Top of The records

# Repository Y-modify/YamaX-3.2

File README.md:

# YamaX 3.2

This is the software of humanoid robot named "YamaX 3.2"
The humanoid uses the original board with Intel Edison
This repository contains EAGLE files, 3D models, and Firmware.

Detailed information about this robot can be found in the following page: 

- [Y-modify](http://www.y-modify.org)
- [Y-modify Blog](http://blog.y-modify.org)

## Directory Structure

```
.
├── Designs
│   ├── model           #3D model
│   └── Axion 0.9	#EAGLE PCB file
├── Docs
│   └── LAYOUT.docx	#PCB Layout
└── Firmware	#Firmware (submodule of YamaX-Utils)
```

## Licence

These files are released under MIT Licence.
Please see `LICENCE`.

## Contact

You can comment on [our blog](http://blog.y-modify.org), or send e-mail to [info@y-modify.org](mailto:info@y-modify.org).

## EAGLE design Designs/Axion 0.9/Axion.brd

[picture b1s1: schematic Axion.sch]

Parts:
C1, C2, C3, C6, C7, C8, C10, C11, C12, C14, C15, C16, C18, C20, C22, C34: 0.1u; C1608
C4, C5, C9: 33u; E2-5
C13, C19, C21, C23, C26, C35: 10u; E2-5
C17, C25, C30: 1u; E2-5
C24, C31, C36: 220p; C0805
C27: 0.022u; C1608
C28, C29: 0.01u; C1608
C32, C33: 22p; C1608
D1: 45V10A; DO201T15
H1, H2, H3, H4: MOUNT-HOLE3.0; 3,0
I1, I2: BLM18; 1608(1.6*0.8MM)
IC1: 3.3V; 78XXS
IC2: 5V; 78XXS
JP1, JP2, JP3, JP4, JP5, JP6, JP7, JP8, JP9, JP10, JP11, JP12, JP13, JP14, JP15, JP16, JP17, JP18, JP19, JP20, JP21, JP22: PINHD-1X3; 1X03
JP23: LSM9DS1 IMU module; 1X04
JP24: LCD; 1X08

Bottom of The records

What the task requires: Every line from the one containing "## EAGLE design Designs/Axion 0.9/Axion.brd" through the last line of the entries should be output exactly; nothing else belongs in the reply.

Solved exercise:
## EAGLE design Designs/Axion 0.9/Axion.brd

[picture b1s1: schematic Axion.sch]

Parts:
C1, C2, C3, C6, C7, C8, C10, C11, C12, C14, C15, C16, C18, C20, C22, C34: 0.1u; C1608
C4, C5, C9: 33u; E2-5
C13, C19, C21, C23, C26, C35: 10u; E2-5
C17, C25, C30: 1u; E2-5
C24, C31, C36: 220p; C0805
C27: 0.022u; C1608
C28, C29: 0.01u; C1608
C32, C33: 22p; C1608
D1: 45V10A; DO201T15
H1, H2, H3, H4: MOUNT-HOLE3.0; 3,0
I1, I2: BLM18; 1608(1.6*0.8MM)
IC1: 3.3V; 78XXS
IC2: 5V; 78XXS
JP1, JP2, JP3, JP4, JP5, JP6, JP7, JP8, JP9, JP10, JP11, JP12, JP13, JP14, JP15, JP16, JP17, JP18, JP19, JP20, JP21, JP22: PINHD-1X3; 1X03
JP23: LSM9DS1 IMU module; 1X04
JP24: LCD; 1X08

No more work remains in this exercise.